First question, please. What is your incremental expectation on price pass through in H2 versus H1? And second question, basically listening to the call, reading your statements and so on, I get the impression that topline increasingly is at risk, I would say with inflationary pressure probably also accelerating versus Q1. So what would you answer to the thesis that Q1 earnings could be peak earnings in 2022, please?
So I think we need to be careful what we read into this. What we tried to say is that given what's going on around us is that the visibility, of course, is a bit different than it was, let's just say year or so ago. That's all what we say. And again, if you think back about the guidance we gave for the second quarter where we -- where I said that we expect semiconductors business to be a notch up compared to Q1, and the lamps and systems business being down because of seasonality, normal as every year and the conscious decision of us discontinued business in Russia and Belarus. And the zero COVID policy because we have 1 factory affected in China because of it right now, tells you that despite that environment actually the outlook we gave is pretty solid.
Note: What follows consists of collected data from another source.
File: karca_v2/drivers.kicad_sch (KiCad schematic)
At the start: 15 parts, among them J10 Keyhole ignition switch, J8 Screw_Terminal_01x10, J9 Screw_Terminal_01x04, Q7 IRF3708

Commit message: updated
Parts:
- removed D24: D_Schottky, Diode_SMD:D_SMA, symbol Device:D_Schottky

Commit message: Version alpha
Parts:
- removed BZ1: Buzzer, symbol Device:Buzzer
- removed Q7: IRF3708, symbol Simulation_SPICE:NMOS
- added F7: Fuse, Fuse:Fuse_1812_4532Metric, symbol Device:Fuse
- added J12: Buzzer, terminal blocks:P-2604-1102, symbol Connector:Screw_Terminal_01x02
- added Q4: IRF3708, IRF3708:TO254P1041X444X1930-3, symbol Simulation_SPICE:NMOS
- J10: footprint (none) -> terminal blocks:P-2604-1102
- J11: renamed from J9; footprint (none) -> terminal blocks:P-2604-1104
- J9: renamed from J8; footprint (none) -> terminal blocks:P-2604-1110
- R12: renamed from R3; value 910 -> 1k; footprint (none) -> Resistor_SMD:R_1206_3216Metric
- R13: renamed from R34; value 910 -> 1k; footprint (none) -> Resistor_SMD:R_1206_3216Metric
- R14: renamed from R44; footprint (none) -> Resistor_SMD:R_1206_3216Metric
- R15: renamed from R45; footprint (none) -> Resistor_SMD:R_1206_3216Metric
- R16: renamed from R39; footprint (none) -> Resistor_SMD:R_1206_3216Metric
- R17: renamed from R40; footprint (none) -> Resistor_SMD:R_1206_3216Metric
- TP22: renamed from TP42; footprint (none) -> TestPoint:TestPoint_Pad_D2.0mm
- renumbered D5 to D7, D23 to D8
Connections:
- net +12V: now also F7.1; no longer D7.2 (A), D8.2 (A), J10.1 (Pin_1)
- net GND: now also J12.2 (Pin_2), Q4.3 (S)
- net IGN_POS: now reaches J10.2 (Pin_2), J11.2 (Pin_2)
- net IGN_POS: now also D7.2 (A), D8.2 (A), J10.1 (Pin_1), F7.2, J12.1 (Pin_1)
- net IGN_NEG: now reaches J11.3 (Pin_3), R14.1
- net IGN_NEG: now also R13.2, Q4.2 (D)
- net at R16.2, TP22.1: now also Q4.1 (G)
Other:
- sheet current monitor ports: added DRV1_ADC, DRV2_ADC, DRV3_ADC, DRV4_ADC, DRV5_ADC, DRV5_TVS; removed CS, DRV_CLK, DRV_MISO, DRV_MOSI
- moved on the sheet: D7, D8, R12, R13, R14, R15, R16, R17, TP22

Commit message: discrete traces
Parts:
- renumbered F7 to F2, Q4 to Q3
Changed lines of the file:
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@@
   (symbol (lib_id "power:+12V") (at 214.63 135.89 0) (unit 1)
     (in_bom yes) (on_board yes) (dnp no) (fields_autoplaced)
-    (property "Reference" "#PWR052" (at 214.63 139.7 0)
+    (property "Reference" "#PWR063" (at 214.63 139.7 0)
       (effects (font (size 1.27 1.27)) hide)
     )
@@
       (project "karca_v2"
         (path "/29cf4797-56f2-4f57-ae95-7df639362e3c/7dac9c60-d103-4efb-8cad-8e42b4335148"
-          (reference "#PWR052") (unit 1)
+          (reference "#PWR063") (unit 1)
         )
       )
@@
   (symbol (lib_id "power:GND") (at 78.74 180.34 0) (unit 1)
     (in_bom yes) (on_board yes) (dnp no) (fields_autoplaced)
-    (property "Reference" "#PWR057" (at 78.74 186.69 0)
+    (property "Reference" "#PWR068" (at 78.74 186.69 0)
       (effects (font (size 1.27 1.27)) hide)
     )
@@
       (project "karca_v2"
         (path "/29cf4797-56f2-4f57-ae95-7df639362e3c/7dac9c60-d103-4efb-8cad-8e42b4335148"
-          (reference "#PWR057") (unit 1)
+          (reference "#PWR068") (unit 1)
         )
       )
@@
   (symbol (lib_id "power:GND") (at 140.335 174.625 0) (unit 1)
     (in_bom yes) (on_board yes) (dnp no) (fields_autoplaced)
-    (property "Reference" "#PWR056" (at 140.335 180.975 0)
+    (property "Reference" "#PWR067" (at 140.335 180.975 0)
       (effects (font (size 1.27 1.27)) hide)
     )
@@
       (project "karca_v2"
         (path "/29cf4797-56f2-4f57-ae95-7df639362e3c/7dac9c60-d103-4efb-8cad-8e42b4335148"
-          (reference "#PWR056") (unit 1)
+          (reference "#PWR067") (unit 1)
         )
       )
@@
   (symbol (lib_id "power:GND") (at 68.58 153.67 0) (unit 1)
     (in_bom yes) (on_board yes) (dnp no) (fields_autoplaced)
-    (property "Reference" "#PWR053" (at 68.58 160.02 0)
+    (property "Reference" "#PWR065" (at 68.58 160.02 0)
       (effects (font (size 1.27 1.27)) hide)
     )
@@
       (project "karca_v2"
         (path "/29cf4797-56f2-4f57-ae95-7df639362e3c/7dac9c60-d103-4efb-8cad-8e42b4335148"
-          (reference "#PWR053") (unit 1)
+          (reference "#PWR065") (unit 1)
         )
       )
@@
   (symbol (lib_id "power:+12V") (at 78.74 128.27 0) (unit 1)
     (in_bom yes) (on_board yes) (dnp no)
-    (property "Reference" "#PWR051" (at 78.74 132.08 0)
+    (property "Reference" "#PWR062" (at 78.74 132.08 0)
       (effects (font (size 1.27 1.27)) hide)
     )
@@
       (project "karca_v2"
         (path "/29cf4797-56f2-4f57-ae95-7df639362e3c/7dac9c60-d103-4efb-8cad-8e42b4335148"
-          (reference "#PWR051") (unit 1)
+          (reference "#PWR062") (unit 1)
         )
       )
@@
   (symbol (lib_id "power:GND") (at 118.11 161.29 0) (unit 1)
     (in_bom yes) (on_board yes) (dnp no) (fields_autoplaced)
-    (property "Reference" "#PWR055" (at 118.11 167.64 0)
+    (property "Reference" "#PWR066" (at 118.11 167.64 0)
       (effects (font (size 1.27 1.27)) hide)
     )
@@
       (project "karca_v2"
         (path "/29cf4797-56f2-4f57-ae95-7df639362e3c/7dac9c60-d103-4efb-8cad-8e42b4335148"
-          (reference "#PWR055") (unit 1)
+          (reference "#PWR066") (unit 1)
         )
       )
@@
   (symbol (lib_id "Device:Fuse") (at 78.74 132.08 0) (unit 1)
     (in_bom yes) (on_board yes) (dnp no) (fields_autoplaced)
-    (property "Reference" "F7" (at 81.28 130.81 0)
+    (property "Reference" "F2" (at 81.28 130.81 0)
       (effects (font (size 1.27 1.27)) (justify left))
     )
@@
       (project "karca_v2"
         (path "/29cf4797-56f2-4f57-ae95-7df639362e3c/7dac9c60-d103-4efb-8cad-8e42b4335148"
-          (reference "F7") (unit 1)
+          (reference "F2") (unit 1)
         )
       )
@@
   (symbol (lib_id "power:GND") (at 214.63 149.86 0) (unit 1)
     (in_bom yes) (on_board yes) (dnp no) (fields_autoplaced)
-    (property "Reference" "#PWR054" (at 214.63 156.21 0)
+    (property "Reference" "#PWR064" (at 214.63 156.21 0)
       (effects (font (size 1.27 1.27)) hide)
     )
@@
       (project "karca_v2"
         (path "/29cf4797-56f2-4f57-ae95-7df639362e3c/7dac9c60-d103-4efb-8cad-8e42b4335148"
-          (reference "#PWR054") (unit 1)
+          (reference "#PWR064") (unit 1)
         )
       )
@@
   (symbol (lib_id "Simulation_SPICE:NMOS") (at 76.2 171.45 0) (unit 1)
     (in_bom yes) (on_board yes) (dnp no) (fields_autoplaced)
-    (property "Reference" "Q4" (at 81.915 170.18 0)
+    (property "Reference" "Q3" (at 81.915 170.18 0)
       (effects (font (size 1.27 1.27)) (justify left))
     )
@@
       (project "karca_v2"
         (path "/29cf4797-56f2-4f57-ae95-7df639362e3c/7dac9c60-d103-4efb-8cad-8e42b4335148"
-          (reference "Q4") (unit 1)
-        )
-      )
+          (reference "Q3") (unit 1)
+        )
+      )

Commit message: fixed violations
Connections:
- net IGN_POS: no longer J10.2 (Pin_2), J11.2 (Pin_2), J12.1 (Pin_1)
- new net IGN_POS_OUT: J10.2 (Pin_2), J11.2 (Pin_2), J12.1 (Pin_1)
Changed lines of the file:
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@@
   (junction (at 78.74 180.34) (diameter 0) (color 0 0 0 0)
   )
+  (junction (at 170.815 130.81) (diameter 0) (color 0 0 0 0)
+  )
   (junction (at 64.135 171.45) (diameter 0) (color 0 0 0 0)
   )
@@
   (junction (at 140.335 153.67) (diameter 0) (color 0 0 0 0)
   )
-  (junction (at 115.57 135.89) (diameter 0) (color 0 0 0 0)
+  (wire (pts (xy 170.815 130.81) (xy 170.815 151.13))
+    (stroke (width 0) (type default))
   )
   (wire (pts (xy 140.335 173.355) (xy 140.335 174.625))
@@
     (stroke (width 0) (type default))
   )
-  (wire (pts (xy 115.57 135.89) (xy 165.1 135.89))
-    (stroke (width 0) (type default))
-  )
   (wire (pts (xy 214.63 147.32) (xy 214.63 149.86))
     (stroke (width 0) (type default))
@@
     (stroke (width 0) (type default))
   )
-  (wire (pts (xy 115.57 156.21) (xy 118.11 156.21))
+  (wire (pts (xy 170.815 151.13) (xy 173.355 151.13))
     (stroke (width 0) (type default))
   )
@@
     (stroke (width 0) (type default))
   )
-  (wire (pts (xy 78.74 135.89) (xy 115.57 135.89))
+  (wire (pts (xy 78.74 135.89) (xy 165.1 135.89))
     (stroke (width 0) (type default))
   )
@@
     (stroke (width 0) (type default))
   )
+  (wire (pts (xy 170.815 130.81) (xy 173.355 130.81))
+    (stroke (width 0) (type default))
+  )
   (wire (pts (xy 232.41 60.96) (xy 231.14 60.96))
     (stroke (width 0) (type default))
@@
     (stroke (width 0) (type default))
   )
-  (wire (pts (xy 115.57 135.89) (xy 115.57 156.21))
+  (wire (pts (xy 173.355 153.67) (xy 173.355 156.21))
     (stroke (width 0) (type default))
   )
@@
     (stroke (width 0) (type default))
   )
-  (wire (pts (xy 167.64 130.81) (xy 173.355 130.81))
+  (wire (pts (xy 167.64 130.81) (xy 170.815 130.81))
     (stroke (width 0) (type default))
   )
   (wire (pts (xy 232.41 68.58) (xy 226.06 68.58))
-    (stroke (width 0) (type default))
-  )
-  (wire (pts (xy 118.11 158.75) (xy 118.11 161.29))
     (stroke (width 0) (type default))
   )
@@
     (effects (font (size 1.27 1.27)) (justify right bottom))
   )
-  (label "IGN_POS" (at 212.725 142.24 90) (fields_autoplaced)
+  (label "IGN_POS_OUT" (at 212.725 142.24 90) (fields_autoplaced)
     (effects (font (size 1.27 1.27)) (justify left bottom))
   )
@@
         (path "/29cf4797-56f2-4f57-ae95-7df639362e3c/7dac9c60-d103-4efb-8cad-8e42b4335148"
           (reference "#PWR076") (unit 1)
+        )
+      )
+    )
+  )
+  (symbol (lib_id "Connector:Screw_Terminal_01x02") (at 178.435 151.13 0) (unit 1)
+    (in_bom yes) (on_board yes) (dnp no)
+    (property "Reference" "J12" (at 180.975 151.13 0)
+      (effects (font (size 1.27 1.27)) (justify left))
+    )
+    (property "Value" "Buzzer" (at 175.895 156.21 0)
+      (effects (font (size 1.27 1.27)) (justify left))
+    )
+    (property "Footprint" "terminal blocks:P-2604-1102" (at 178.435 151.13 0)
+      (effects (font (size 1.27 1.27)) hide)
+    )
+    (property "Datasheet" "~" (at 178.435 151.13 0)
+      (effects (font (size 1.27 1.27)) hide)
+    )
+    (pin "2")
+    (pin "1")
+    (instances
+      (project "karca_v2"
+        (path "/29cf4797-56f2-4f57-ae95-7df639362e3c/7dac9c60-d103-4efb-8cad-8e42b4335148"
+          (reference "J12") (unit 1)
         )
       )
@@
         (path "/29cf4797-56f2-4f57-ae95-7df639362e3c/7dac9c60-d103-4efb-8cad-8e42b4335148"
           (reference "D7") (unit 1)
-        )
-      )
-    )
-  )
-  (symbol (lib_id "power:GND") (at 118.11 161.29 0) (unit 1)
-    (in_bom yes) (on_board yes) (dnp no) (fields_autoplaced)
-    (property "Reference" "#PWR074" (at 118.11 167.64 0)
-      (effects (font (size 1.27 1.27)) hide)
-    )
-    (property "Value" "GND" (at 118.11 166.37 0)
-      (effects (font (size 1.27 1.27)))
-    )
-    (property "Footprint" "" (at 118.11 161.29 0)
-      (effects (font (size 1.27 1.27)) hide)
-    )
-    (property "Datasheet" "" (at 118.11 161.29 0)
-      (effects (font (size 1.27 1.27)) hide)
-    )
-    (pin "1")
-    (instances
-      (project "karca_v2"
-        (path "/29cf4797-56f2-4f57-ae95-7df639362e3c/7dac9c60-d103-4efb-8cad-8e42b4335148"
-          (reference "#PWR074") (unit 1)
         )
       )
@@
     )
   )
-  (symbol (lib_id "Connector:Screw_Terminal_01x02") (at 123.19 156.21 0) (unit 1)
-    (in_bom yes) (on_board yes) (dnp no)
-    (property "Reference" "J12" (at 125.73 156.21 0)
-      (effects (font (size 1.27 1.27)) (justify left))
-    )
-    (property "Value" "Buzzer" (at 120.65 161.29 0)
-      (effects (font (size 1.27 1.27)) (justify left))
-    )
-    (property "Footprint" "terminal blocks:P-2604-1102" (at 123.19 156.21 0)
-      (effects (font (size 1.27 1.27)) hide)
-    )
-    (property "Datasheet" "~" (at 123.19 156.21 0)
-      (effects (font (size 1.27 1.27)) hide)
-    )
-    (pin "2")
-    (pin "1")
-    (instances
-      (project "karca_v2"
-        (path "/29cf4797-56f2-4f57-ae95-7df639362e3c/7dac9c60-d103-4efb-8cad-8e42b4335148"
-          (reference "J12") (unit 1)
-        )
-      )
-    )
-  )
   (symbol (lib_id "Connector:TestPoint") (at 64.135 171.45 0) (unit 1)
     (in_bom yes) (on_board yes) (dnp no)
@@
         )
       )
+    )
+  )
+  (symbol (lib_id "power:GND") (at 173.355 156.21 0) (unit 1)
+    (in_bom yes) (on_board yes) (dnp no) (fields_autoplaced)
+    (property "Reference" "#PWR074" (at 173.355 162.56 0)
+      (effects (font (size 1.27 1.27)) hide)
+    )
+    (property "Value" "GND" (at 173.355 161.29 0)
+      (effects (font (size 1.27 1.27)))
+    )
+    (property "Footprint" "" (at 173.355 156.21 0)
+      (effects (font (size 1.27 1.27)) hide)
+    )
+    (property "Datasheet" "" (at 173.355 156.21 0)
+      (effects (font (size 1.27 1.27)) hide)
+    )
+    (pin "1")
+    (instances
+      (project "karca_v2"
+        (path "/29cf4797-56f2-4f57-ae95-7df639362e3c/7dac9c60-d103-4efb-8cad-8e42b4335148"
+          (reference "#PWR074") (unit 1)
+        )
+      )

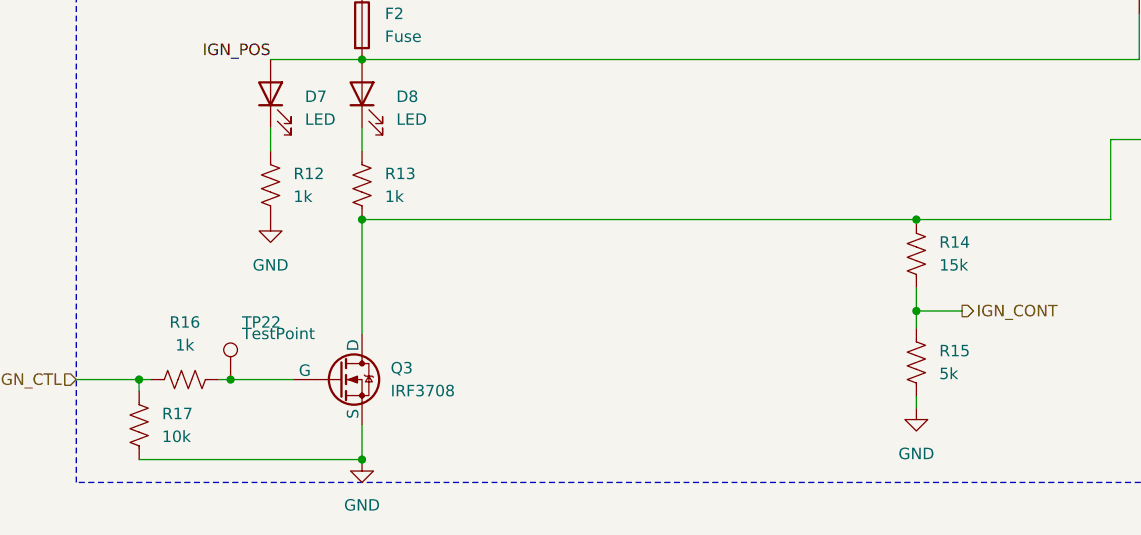
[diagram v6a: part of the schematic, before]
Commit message: Fixed ground capacitors
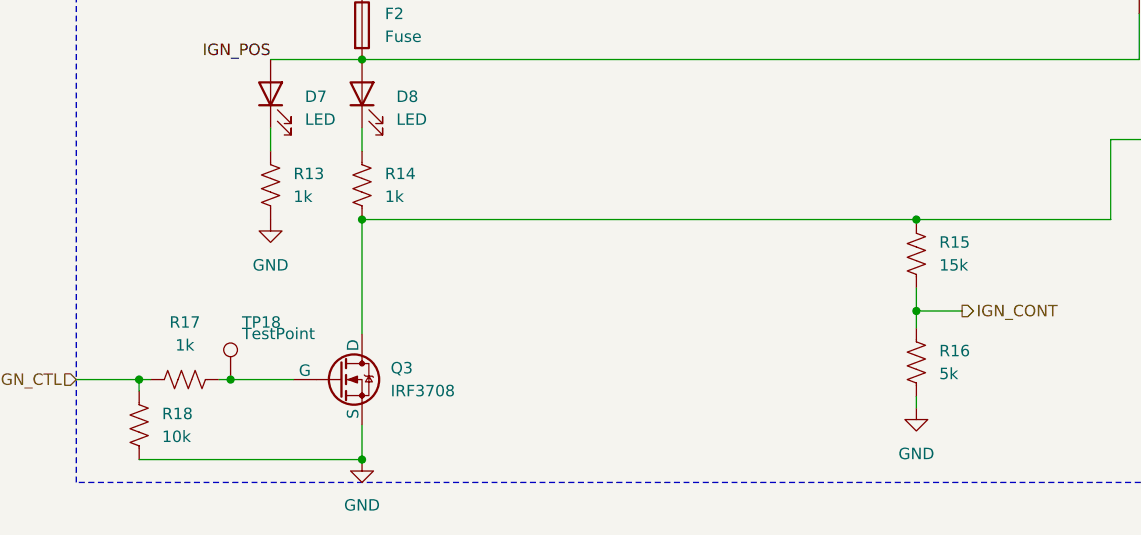
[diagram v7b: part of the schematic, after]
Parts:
- renumbered R12 to R13, R13 to R14, R14 to R15, R15 to R16, R16 to R17, R17 to R18, TP22 to TP18
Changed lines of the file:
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@@
   (symbol (lib_id "power:+12V") (at 214.63 135.89 0) (unit 1)
     (in_bom yes) (on_board yes) (dnp no) (fields_autoplaced)
-    (property "Reference" "#PWR071" (at 214.63 139.7 0)
+    (property "Reference" "#PWR067" (at 214.63 139.7 0)
       (effects (font (size 1.27 1.27)) hide)
     )
@@
       (project "karca_v2"
         (path "/29cf4797-56f2-4f57-ae95-7df639362e3c/7dac9c60-d103-4efb-8cad-8e42b4335148"
-          (reference "#PWR071") (unit 1)
+          (reference "#PWR067") (unit 1)
         )
       )
@@
   (symbol (lib_id "power:GND") (at 78.74 180.34 0) (unit 1)
     (in_bom yes) (on_board yes) (dnp no) (fields_autoplaced)
-    (property "Reference" "#PWR076" (at 78.74 186.69 0)
+    (property "Reference" "#PWR072" (at 78.74 186.69 0)
       (effects (font (size 1.27 1.27)) hide)
     )
@@
       (project "karca_v2"
         (path "/29cf4797-56f2-4f57-ae95-7df639362e3c/7dac9c60-d103-4efb-8cad-8e42b4335148"
-          (reference "#PWR076") (unit 1)
+          (reference "#PWR072") (unit 1)
         )
       )
@@
   (symbol (lib_id "power:GND") (at 140.335 174.625 0) (unit 1)
     (in_bom yes) (on_board yes) (dnp no) (fields_autoplaced)
-    (property "Reference" "#PWR075" (at 140.335 180.975 0)
+    (property "Reference" "#PWR071" (at 140.335 180.975 0)
       (effects (font (size 1.27 1.27)) hide)
     )
@@
       (project "karca_v2"
         (path "/29cf4797-56f2-4f57-ae95-7df639362e3c/7dac9c60-d103-4efb-8cad-8e42b4335148"
-          (reference "#PWR075") (unit 1)
+          (reference "#PWR071") (unit 1)
         )
       )
@@
   (symbol (lib_id "power:GND") (at 68.58 153.67 0) (unit 1)
     (in_bom yes) (on_board yes) (dnp no) (fields_autoplaced)
-    (property "Reference" "#PWR073" (at 68.58 160.02 0)
+    (property "Reference" "#PWR069" (at 68.58 160.02 0)
       (effects (font (size 1.27 1.27)) hide)
     )
@@
       (project "karca_v2"
         (path "/29cf4797-56f2-4f57-ae95-7df639362e3c/7dac9c60-d103-4efb-8cad-8e42b4335148"
-          (reference "#PWR073") (unit 1)
+          (reference "#PWR069") (unit 1)
         )
       )
@@
   (symbol (lib_id "power:+12V") (at 78.74 128.27 0) (unit 1)
     (in_bom yes) (on_board yes) (dnp no)
-    (property "Reference" "#PWR070" (at 78.74 132.08 0)
+    (property "Reference" "#PWR066" (at 78.74 132.08 0)
       (effects (font (size 1.27 1.27)) hide)
     )
@@
       (project "karca_v2"
         (path "/29cf4797-56f2-4f57-ae95-7df639362e3c/7dac9c60-d103-4efb-8cad-8e42b4335148"
-          (reference "#PWR070") (unit 1)
+          (reference "#PWR066") (unit 1)
         )
       )
@@
   (symbol (lib_id "Device:R_US") (at 68.58 149.86 0) (unit 1)
     (in_bom yes) (on_board yes) (dnp no) (fields_autoplaced)
-    (property "Reference" "R12" (at 71.12 148.59 0)
+    (property "Reference" "R13" (at 71.12 148.59 0)
       (effects (font (size 1.27 1.27)) (justify left))
     )
@@
       (project "karca_v2"
         (path "/29cf4797-56f2-4f57-ae95-7df639362e3c/7dac9c60-d103-4efb-8cad-8e42b4335148"
-          (reference "R12") (unit 1)
+          (reference "R13") (unit 1)
         )
       )
@@
   (symbol (lib_id "Device:R_US") (at 140.335 157.48 0) (unit 1)
     (in_bom yes) (on_board yes) (dnp no) (fields_autoplaced)
-    (property "Reference" "R14" (at 142.875 156.21 0)
+    (property "Reference" "R15" (at 142.875 156.21 0)
       (effects (font (size 1.27 1.27)) (justify left))
     )
@@
       (project "karca_v2"
         (path "/29cf4797-56f2-4f57-ae95-7df639362e3c/7dac9c60-d103-4efb-8cad-8e42b4335148"
-          (reference "R14") (unit 1)
+          (reference "R15") (unit 1)
         )
       )
@@
   (symbol (lib_id "power:GND") (at 214.63 149.86 0) (unit 1)
     (in_bom yes) (on_board yes) (dnp no) (fields_autoplaced)
-    (property "Reference" "#PWR072" (at 214.63 156.21 0)
+    (property "Reference" "#PWR068" (at 214.63 156.21 0)
       (effects (font (size 1.27 1.27)) hide)
     )
@@
       (project "karca_v2"
         (path "/29cf4797-56f2-4f57-ae95-7df639362e3c/7dac9c60-d103-4efb-8cad-8e42b4335148"
-          (reference "#PWR072") (unit 1)
+          (reference "#PWR068") (unit 1)
         )
       )
@@
   (symbol (lib_id "Connector:TestPoint") (at 64.135 171.45 0) (unit 1)
     (in_bom yes) (on_board yes) (dnp no)
-    (property "Reference" "TP22" (at 65.405 165.1 0)
+    (property "Reference" "TP18" (at 65.405 165.1 0)
       (effects (font (size 1.27 1.27)) (justify left))
     )
@@
       (project "karca_v2"
         (path "/29cf4797-56f2-4f57-ae95-7df639362e3c/7dac9c60-d103-4efb-8cad-8e42b4335148"
-          (reference "TP22") (unit 1)
+          (reference "TP18") (unit 1)
         )
       )
@@
   (symbol (lib_id "Device:R_US") (at 140.335 169.545 0) (unit 1)
     (in_bom yes) (on_board yes) (dnp no) (fields_autoplaced)
-    (property "Reference" "R15" (at 142.875 168.275 0)
+    (property "Reference" "R16" (at 142.875 168.275 0)
       (effects (font (size 1.27 1.27)) (justify left))
     )
@@
       (project "karca_v2"
         (path "/29cf4797-56f2-4f57-ae95-7df639362e3c/7dac9c60-d103-4efb-8cad-8e42b4335148"
-          (reference "R15") (unit 1)
+          (reference "R16") (unit 1)
         )
       )
@@
   (symbol (lib_id "Device:R_US") (at 78.74 149.86 0) (unit 1)
     (in_bom yes) (on_board yes) (dnp no) (fields_autoplaced)
-    (property "Reference" "R13" (at 81.28 148.59 0)
+    (property "Reference" "R14" (at 81.28 148.59 0)
       (effects (font (size 1.27 1.27)) (justify left))
     )
@@
       (project "karca_v2"
         (path "/29cf4797-56f2-4f57-ae95-7df639362e3c/7dac9c60-d103-4efb-8cad-8e42b4335148"
-          (reference "R13") (unit 1)
+          (reference "R14") (unit 1)
         )
       )
@@
   (symbol (lib_id "power:GND") (at 173.355 156.21 0) (unit 1)
     (in_bom yes) (on_board yes) (dnp no) (fields_autoplaced)
-    (property "Reference" "#PWR074" (at 173.355 162.56 0)
+    (property "Reference" "#PWR070" (at 173.355 162.56 0)
       (effects (font (size 1.27 1.27)) hide)
     )
@@
       (project "karca_v2"
         (path "/29cf4797-56f2-4f57-ae95-7df639362e3c/7dac9c60-d103-4efb-8cad-8e42b4335148"
-          (reference "#PWR074") (unit 1)
+          (reference "#PWR070") (unit 1)
         )
       )
@@
   (symbol (lib_id "Device:R_US") (at 59.055 171.45 90) (unit 1)
     (in_bom yes) (on_board yes) (dnp no) (fields_autoplaced)
-    (property "Reference" "R16" (at 59.055 165.1 90)
+    (property "Reference" "R17" (at 59.055 165.1 90)
       (effects (font (size 1.27 1.27)))
     )
@@
       (project "karca_v2"
         (path "/29cf4797-56f2-4f57-ae95-7df639362e3c/7dac9c60-d103-4efb-8cad-8e42b4335148"
-          (reference "R16") (unit 1)
+          (reference "R17") (unit 1)
         )
       )
@@
   (symbol (lib_id "Device:R_US") (at 53.975 176.53 0) (unit 1)
     (in_bom yes) (on_board yes) (dnp no) (fields_autoplaced)
-    (property "Reference" "R17" (at 56.515 175.26 0)
+    (property "Reference" "R18" (at 56.515 175.26 0)
       (effects (font (size 1.27 1.27)) (justify left))
     )
@@
       (project "karca_v2"
         (path "/29cf4797-56f2-4f57-ae95-7df639362e3c/7dac9c60-d103-4efb-8cad-8e42b4335148"
-          (reference "R17") (unit 1)
-        )
-      )
+          (reference "R18") (unit 1)
+        )
+      )

So I think that's what number 2 is that, we do not see why the seasonality we typically see in any given year where the second quarter seasonally always the softer and then you see towards the end of Q3 ramps and then Q4 as well why that should be fundamentally different from prior years. So I would say that is how we would look at it right now, so very much the same as we did in prior simply given the fact that this is sort of corresponding to the different end markets we work in, particularly consumer and automotive.
And then the first part of your question on pricing, we are -- we have been working already since last year with our customers here and there so I would not expect any kind of sort of really meaningful change in momentum or so between H1 and H2, which really -- it's also very much depending on the type of contracts you have when you start changing over, et cetera. So, but I think it's important to go back to what I said earlier that overall for the year. It is a headwind, but it's not a material headwind, how we are compensating the inflationary pressure that we're seeing.
Okay. One quick follow-up regarding the price pass through, so you would say H2 was basically similar to H1, but would you then agree that inflationary pressure is incrementally increasing likely in H2?
Well, again, we have -- so pricing arrangements are at least for 4 years. So therefore, and by now, we should have been pretty clear with all of our customers from an inflation perspective what certainly started to come in a bit more now was the -- because of the Ukraine war you had to reshuffle your supply chain here and there, but that we also have, let's say, managed also with our businesses to feed that back into our customer base and unless something else is happening around of macro speaking, which as you hope not will be the case. I would not necessarily see that if you see something on top of what we already know now from an inflation perspective.
Thank you very much to everybody. This concludes the question-and-answer session for today. We thank you for joining this earnings call this morning and we look forward to speaking to you again with our next set of results. Thank you very much and have a good day.
Ladies and gentlemen, the conference has now concluded and you may disconnect your telephone. Thank you for joining and have a pleasant day. Good-bye.